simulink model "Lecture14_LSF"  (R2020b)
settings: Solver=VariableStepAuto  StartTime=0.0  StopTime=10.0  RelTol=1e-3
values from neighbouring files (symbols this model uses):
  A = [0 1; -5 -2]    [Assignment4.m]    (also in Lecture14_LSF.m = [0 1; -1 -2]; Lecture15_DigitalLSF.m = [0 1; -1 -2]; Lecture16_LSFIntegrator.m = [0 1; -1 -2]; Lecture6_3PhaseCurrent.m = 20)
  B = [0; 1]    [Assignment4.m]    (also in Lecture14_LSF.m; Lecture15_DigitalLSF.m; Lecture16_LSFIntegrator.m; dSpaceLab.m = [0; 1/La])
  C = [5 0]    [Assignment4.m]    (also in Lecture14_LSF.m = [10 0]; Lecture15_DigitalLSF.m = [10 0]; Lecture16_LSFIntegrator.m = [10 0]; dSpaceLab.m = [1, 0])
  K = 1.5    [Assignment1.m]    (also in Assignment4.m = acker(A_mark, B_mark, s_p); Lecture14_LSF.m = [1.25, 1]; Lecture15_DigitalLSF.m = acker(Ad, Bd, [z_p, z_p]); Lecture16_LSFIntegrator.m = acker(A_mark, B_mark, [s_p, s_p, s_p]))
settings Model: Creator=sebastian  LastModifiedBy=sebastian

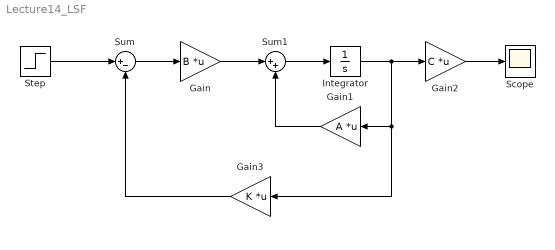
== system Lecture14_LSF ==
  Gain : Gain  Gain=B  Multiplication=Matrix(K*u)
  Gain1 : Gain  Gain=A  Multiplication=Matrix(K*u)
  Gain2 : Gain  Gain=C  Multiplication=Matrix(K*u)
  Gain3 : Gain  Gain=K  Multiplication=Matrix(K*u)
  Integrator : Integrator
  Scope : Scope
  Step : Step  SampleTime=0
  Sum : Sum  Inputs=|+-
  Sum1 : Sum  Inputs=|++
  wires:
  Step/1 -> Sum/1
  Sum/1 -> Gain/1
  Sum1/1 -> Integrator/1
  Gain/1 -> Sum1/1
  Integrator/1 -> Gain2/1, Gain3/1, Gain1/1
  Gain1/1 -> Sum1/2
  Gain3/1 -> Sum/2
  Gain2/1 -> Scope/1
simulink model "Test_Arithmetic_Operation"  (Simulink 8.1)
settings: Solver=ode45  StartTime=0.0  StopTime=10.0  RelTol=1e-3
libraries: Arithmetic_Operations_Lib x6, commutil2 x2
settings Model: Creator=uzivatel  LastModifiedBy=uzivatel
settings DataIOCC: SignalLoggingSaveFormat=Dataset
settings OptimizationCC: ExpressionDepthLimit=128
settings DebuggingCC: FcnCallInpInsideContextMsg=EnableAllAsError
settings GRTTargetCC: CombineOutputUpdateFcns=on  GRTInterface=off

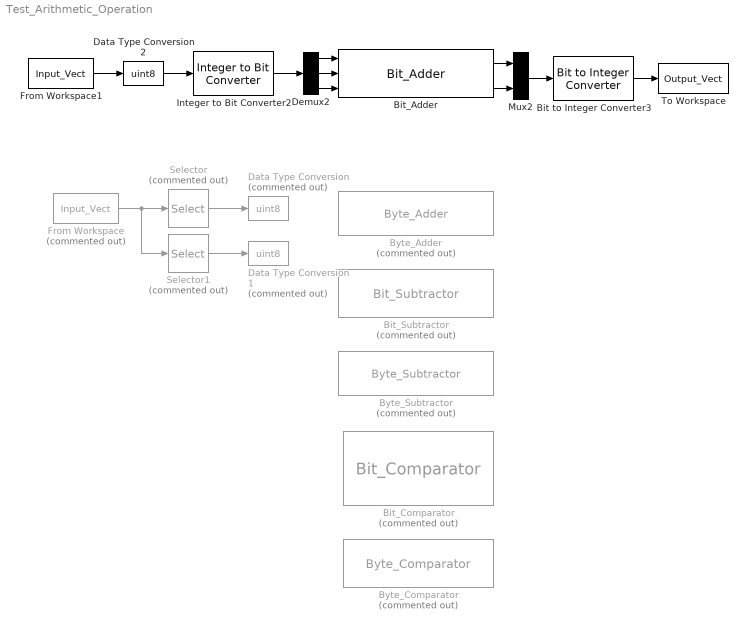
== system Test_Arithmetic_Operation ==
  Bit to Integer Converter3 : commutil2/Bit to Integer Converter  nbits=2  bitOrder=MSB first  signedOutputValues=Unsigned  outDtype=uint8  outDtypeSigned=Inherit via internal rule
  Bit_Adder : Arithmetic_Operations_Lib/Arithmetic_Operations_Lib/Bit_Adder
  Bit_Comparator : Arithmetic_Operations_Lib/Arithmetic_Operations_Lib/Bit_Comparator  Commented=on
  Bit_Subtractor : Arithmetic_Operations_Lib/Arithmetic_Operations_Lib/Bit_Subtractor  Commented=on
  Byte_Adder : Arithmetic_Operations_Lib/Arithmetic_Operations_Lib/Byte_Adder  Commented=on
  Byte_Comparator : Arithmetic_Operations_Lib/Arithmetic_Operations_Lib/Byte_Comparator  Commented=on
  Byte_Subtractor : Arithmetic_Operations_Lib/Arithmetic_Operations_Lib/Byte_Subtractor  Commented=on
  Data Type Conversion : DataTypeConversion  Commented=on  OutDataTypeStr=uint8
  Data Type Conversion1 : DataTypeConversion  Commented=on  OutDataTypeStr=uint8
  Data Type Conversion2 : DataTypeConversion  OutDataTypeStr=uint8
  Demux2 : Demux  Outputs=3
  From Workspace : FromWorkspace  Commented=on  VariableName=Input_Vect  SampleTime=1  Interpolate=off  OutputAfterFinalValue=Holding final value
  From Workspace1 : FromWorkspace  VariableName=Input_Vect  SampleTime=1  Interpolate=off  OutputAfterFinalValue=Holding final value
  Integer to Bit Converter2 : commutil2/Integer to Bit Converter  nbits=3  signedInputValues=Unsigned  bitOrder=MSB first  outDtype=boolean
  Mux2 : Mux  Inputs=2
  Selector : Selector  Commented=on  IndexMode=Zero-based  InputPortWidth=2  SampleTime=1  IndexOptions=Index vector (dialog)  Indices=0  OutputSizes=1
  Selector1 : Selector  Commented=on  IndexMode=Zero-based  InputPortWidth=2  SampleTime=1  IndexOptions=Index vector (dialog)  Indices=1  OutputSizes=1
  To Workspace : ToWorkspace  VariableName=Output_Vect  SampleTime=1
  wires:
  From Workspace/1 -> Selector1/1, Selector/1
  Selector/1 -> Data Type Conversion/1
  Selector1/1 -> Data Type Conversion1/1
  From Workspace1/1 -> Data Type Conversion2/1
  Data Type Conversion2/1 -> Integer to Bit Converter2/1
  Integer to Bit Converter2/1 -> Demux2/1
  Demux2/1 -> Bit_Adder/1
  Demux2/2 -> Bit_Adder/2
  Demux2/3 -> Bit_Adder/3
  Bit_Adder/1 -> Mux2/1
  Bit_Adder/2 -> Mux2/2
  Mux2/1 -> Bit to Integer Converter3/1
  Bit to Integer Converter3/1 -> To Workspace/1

=======

State how many lines in the material above hold the word "OutputAfterFinalValue". Add nothing else.

2